Mas tal como foi com a Lua, em 1969, a ida a Marte significará que a humanidade se desafiou a si própria, de acordo com a astrobióloga Zita Martins.
“Descobrir novos mundos, desafiarmo-nos a nós próprios, desenvolver novas tecnologias…”, enumera a professora do Instituto Superior Técnico, para quem “não há missões isoladas” porque a “ciência é internacional”.
Justificando o interesse em Marte, Zita Martins, que estuda as origens e a procura da vida, refere que o planeta “está relativamente perto do Sol”, uma “fonte de energia e nutrientes”, e que, por isso, poderá ter tido vida no passado.

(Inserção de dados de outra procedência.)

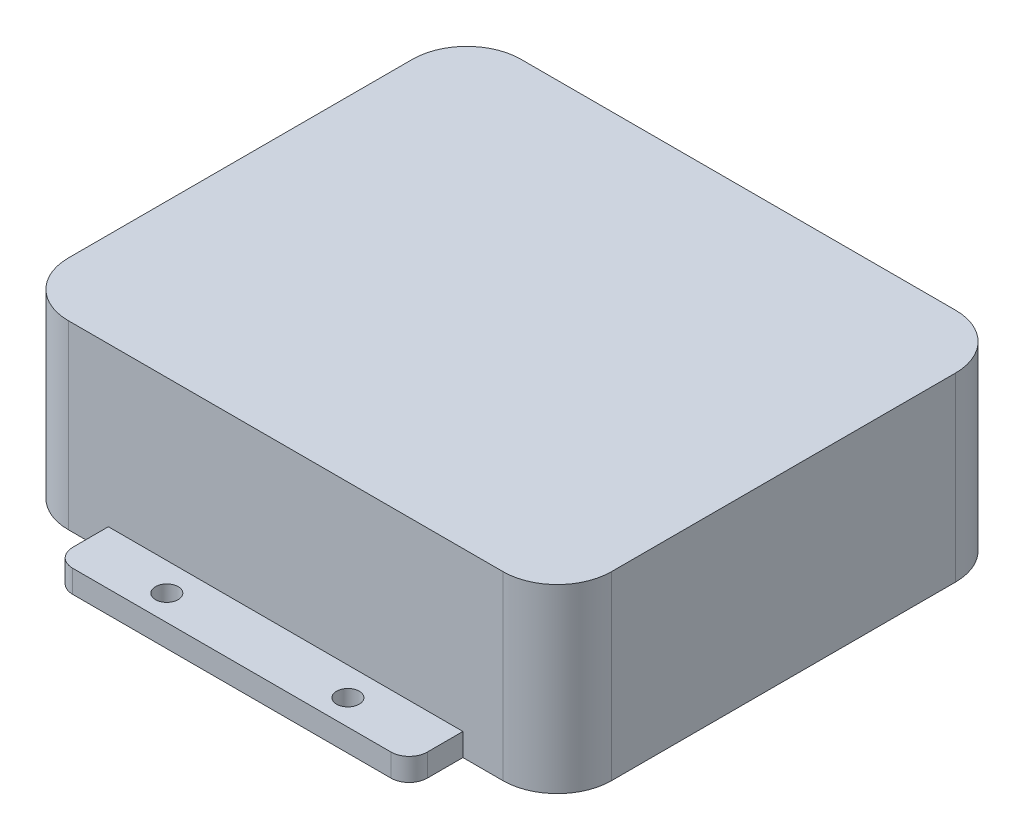
ISO-10303-21;
HEADER;
FILE_DESCRIPTION(('STEP AP214'),'2;1');
FILE_NAME('part.step','',(''),(''),'','','');
FILE_SCHEMA(('AUTOMOTIVE_DESIGN { 1 0 10303 214 1 1 1 1 }'));
ENDSEC;
DATA;
#1=APPLICATION_CONTEXT('core data for automotive mechanical design processes');
#2=APPLICATION_PROTOCOL_DEFINITION('international standard','automotive_design',2000,#1);
#3=PRODUCT_CONTEXT('',#1,'mechanical');
#4=PRODUCT('Part','Part','',(#3));
#5=PRODUCT_RELATED_PRODUCT_CATEGORY('part','',(#4));
#6=PRODUCT_DEFINITION_FORMATION('','',#4);
#7=PRODUCT_DEFINITION_CONTEXT('part definition',#1,'design');
#8=PRODUCT_DEFINITION('design','',#6,#7);
#9=PRODUCT_DEFINITION_SHAPE('','',#8);
#10=(LENGTH_UNIT() NAMED_UNIT(*) SI_UNIT(.MILLI.,.METRE.));
#11=(NAMED_UNIT(*) PLANE_ANGLE_UNIT() SI_UNIT($,.RADIAN.));
#12=(NAMED_UNIT(*) SI_UNIT($,.STERADIAN.) SOLID_ANGLE_UNIT());
#13=UNCERTAINTY_MEASURE_WITH_UNIT(LENGTH_MEASURE(1.E-05),#10,'distance_accuracy_value','');
#14=(GEOMETRIC_REPRESENTATION_CONTEXT(3) GLOBAL_UNCERTAINTY_ASSIGNED_CONTEXT((#13)) GLOBAL_UNIT_ASSIGNED_CONTEXT((#10,
#11,#12)) REPRESENTATION_CONTEXT('',''));
#15=CARTESIAN_POINT('',(0.,0.,0.));
#16=DIRECTION('',(0.,0.,1.));
#17=DIRECTION('',(1.,0.,0.));
#18=AXIS2_PLACEMENT_3D('',#15,#16,#17);
#19=CARTESIAN_POINT('',(-30.4799999999999,25.4,-31.75));
#20=DIRECTION('',(0.,0.,-1.));
#21=DIRECTION('',(-1.,0.,0.));
#22=AXIS2_PLACEMENT_3D('',#19,#20,#21);
#23=PLANE('',#22);
#24=DIRECTION('',(1.,0.,0.));
#25=VECTOR('',#24,1.);
#26=CARTESIAN_POINT('',(-30.4799999999999,0.,-31.75));
#27=LINE('',#26,#25);
#28=CARTESIAN_POINT('',(24.8694908342602,0.,-31.75));
#29=VERTEX_POINT('',#28);
#30=CARTESIAN_POINT('',(30.48,0.,-31.75));
#31=VERTEX_POINT('',#30);
#32=EDGE_CURVE('E193',#29,#31,#27,.T.);
#33=ORIENTED_EDGE('',*,*,#32,.F.);
#34=DIRECTION('',(0.,-1.,0.));
#35=VECTOR('',#34,1.);
#36=CARTESIAN_POINT('',(24.8694908342602,3.175,-31.75));
#37=LINE('',#36,#35);
#38=CARTESIAN_POINT('',(24.8694908342602,3.175,-31.75));
#39=VERTEX_POINT('',#38);
#40=EDGE_CURVE('E51',#39,#29,#37,.T.);
#41=ORIENTED_EDGE('',*,*,#40,.F.);
#42=DIRECTION('',(1.,0.,0.));
#43=VECTOR('',#42,1.);
#44=CARTESIAN_POINT('',(-24.8694908342602,3.175,-31.75));
#45=LINE('',#44,#43);
#46=CARTESIAN_POINT('',(-24.8694908342602,3.175,-31.75));
#47=VERTEX_POINT('',#46);
#48=EDGE_CURVE('E179',#47,#39,#45,.T.);
#49=ORIENTED_EDGE('',*,*,#48,.F.);
#50=DIRECTION('',(0.,-1.,0.));
#51=VECTOR('',#50,1.);
#52=CARTESIAN_POINT('',(-24.8694908342602,3.175,-31.75));
#53=LINE('',#52,#51);
#54=CARTESIAN_POINT('',(-24.8694908342602,0.,-31.75));
#55=VERTEX_POINT('',#54);
#56=EDGE_CURVE('E338',#47,#55,#53,.T.);
#57=ORIENTED_EDGE('',*,*,#56,.T.);
#58=CARTESIAN_POINT('',(-30.4799999999999,0.,-31.75));
#59=VERTEX_POINT('',#58);
#60=EDGE_CURVE('E281',#59,#55,#27,.T.);
#61=ORIENTED_EDGE('',*,*,#60,.F.);
#62=DIRECTION('',(0.,-1.,0.));
#63=VECTOR('',#62,1.);
#64=CARTESIAN_POINT('',(-30.4799999999999,25.4,-31.75));
#65=LINE('',#64,#63);
#66=CARTESIAN_POINT('',(-30.4799999999999,25.4,-31.75));
#67=VERTEX_POINT('',#66);
#68=EDGE_CURVE('E308',#67,#59,#65,.T.);
#69=ORIENTED_EDGE('',*,*,#68,.F.);
#70=DIRECTION('',(1.,0.,0.));
#71=VECTOR('',#70,1.);
#72=CARTESIAN_POINT('',(-30.4799999999999,25.4,-31.75));
#73=LINE('',#72,#71);
#74=CARTESIAN_POINT('',(30.48,25.4,-31.75));
#75=VERTEX_POINT('',#74);
#76=EDGE_CURVE('E259',#67,#75,#73,.T.);
#77=ORIENTED_EDGE('',*,*,#76,.T.);
#78=DIRECTION('',(0.,-1.,0.));
#79=VECTOR('',#78,1.);
#80=CARTESIAN_POINT('',(30.48,25.4,-31.75));
#81=LINE('',#80,#79);
#82=EDGE_CURVE('E44',#75,#31,#81,.T.);
#83=ORIENTED_EDGE('',*,*,#82,.T.);
#84=EDGE_LOOP('',(#33,#41,#49,#57,#61,#69,#77,#83));
#85=FACE_BOUND('',#84,.T.);
#86=ADVANCED_FACE('F36',(#85),#23,.T.);
#87=CARTESIAN_POINT('',(-30.4799999999999,25.4,31.75));
#88=DIRECTION('',(0.,0.,-1.));
#89=DIRECTION('',(-1.,0.,0.));
#90=AXIS2_PLACEMENT_3D('',#87,#88,#89);
#91=PLANE('',#90);
#92=DIRECTION('',(0.,-1.,0.));
#93=VECTOR('',#92,1.);
#94=CARTESIAN_POINT('',(24.8694908342602,3.175,31.75));
#95=LINE('',#94,#93);
#96=CARTESIAN_POINT('',(24.8694908342602,3.175,31.75));
#97=VERTEX_POINT('',#96);
#98=CARTESIAN_POINT('',(24.8694908342602,0.,31.75));
#99=VERTEX_POINT('',#98);
#100=EDGE_CURVE('E247',#97,#99,#95,.T.);
#101=ORIENTED_EDGE('',*,*,#100,.T.);
#102=DIRECTION('',(1.,0.,0.));
#103=VECTOR('',#102,1.);
#104=CARTESIAN_POINT('',(-30.4799999999999,0.,31.75));
#105=LINE('',#104,#103);
#106=CARTESIAN_POINT('',(30.48,0.,31.75));
#107=VERTEX_POINT('',#106);
#108=EDGE_CURVE('E293',#99,#107,#105,.T.);
#109=ORIENTED_EDGE('',*,*,#108,.T.);
#110=DIRECTION('',(0.,-1.,0.));
#111=VECTOR('',#110,1.);
#112=CARTESIAN_POINT('',(30.48,25.4,31.75));
#113=LINE('',#112,#111);
#114=CARTESIAN_POINT('',(30.48,25.4,31.75));
#115=VERTEX_POINT('',#114);
#116=EDGE_CURVE('E299',#115,#107,#113,.T.);
#117=ORIENTED_EDGE('',*,*,#116,.F.);
#118=DIRECTION('',(1.,0.,0.));
#119=VECTOR('',#118,1.);
#120=CARTESIAN_POINT('',(-30.4799999999999,25.4,31.75));
#121=LINE('',#120,#119);
#122=CARTESIAN_POINT('',(-30.4799999999999,25.4,31.75));
#123=VERTEX_POINT('',#122);
#124=EDGE_CURVE('E271',#123,#115,#121,.T.);
#125=ORIENTED_EDGE('',*,*,#124,.F.);
#126=DIRECTION('',(0.,-1.,0.));
#127=VECTOR('',#126,1.);
#128=CARTESIAN_POINT('',(-30.4799999999999,25.4,31.75));
#129=LINE('',#128,#127);
#130=CARTESIAN_POINT('',(-30.4799999999999,0.,31.75));
#131=VERTEX_POINT('',#130);
#132=EDGE_CURVE('E302',#123,#131,#129,.T.);
#133=ORIENTED_EDGE('',*,*,#132,.T.);
#134=CARTESIAN_POINT('',(-24.8694908342602,0.,31.75));
#135=VERTEX_POINT('',#134);
#136=EDGE_CURVE('E294',#131,#135,#105,.T.);
#137=ORIENTED_EDGE('',*,*,#136,.T.);
#138=DIRECTION('',(0.,-1.,0.));
#139=VECTOR('',#138,1.);
#140=CARTESIAN_POINT('',(-24.8694908342602,3.175,31.75));
#141=LINE('',#140,#139);
#142=CARTESIAN_POINT('',(-24.8694908342602,3.175,31.75));
#143=VERTEX_POINT('',#142);
#144=EDGE_CURVE('E244',#143,#135,#141,.T.);
#145=ORIENTED_EDGE('',*,*,#144,.F.);
#146=DIRECTION('',(-1.,0.,0.));
#147=VECTOR('',#146,1.);
#148=CARTESIAN_POINT('',(-24.8694908342602,3.175,31.75));
#149=LINE('',#148,#147);
#150=EDGE_CURVE('E59',#97,#143,#149,.T.);
#151=ORIENTED_EDGE('',*,*,#150,.F.);
#152=EDGE_LOOP('',(#101,#109,#117,#125,#133,#137,#145,#151));
#153=FACE_BOUND('',#152,.T.);
#154=ADVANCED_FACE('F393',(#153),#91,.F.);
#155=CARTESIAN_POINT('',(38.1,25.4,24.1299999999999));
#156=DIRECTION('',(-1.,0.,0.));
#157=DIRECTION('',(0.,0.,1.));
#158=AXIS2_PLACEMENT_3D('',#155,#156,#157);
#159=PLANE('',#158);
#160=DIRECTION('',(0.,0.,-1.));
#161=VECTOR('',#160,1.);
#162=CARTESIAN_POINT('',(38.1,0.,24.1299999999999));
#163=LINE('',#162,#161);
#164=CARTESIAN_POINT('',(38.1,0.,24.1299999999999));
#165=VERTEX_POINT('',#164);
#166=CARTESIAN_POINT('',(38.1,0.,-24.1299999999999));
#167=VERTEX_POINT('',#166);
#168=EDGE_CURVE('E252',#165,#167,#163,.T.);
#169=ORIENTED_EDGE('',*,*,#168,.T.);
#170=DIRECTION('',(0.,-1.,0.));
#171=VECTOR('',#170,1.);
#172=CARTESIAN_POINT('',(38.1,25.4,-24.1299999999999));
#173=LINE('',#172,#171);
#174=CARTESIAN_POINT('',(38.1,25.4,-24.1299999999999));
#175=VERTEX_POINT('',#174);
#176=EDGE_CURVE('E11',#175,#167,#173,.T.);
#177=ORIENTED_EDGE('',*,*,#176,.F.);
#178=DIRECTION('',(0.,0.,-1.));
#179=VECTOR('',#178,1.);
#180=CARTESIAN_POINT('',(38.1,25.4,24.1299999999999));
#181=LINE('',#180,#179);
#182=CARTESIAN_POINT('',(38.1,25.4,24.1299999999999));
#183=VERTEX_POINT('',#182);
#184=EDGE_CURVE('E253',#183,#175,#181,.T.);
#185=ORIENTED_EDGE('',*,*,#184,.F.);
#186=DIRECTION('',(0.,-1.,0.));
#187=VECTOR('',#186,1.);
#188=CARTESIAN_POINT('',(38.1,25.4,24.1299999999999));
#189=LINE('',#188,#187);
#190=EDGE_CURVE('E275',#183,#165,#189,.T.);
#191=ORIENTED_EDGE('',*,*,#190,.T.);
#192=EDGE_LOOP('',(#169,#177,#185,#191));
#193=FACE_BOUND('',#192,.T.);
#194=ADVANCED_FACE('F38',(#193),#159,.F.);
#195=CARTESIAN_POINT('',(30.48,25.4,-24.13));
#196=DIRECTION('',(0.,-1.,0.));
#197=DIRECTION('',(0.,0.,-1.));
#198=AXIS2_PLACEMENT_3D('',#195,#196,#197);
#199=CYLINDRICAL_SURFACE('',#198,7.62);
#200=CARTESIAN_POINT('',(30.48,0.,-24.13));
#201=DIRECTION('',(0.,-1.,0.));
#202=DIRECTION('',(0.,0.,-1.));
#203=AXIS2_PLACEMENT_3D('',#200,#201,#202);
#204=CIRCLE('',#203,7.62);
#205=EDGE_CURVE('E278',#31,#167,#204,.T.);
#206=ORIENTED_EDGE('',*,*,#205,.F.);
#207=ORIENTED_EDGE('',*,*,#82,.F.);
#208=CARTESIAN_POINT('',(30.48,25.4,-24.13));
#209=DIRECTION('',(0.,-1.,0.));
#210=DIRECTION('',(0.,0.,-1.));
#211=AXIS2_PLACEMENT_3D('',#208,#209,#210);
#212=CIRCLE('',#211,7.62);
#213=EDGE_CURVE('E255',#75,#175,#212,.T.);
#214=ORIENTED_EDGE('',*,*,#213,.T.);
#215=ORIENTED_EDGE('',*,*,#176,.T.);
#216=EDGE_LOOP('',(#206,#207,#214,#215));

Acrescem ainda os indícios de água líquida encontrados à sua superfície.
Na sua autobiografia “Magnífica desolação”, Buzz Aldrin, o segundo Homem a pisar a Lua, em 21 de julho de 1969, defende a construção de uma base lunar e a exploração humana de Marte, além de voos comerciais para o espaço, e sugere um caminho: “Conhecimento, fé e compromisso”.
Em “Missão para Marte: a minha visão sobre a exploração espacial”, livro que publicou em 2013, mas não editado em Portugal, tal como o anterior, de 2009, o astronauta da Apollo 11 apresenta uma alternativa mais arrojada à Gateway: uma estação orbital em Phobos, a lua maior e mais próxima de Marte, de onde pudessem ser enviados veículos robóticos para o planeta ou onde funcionasse um laboratório para testar tecnologia para missões humanas.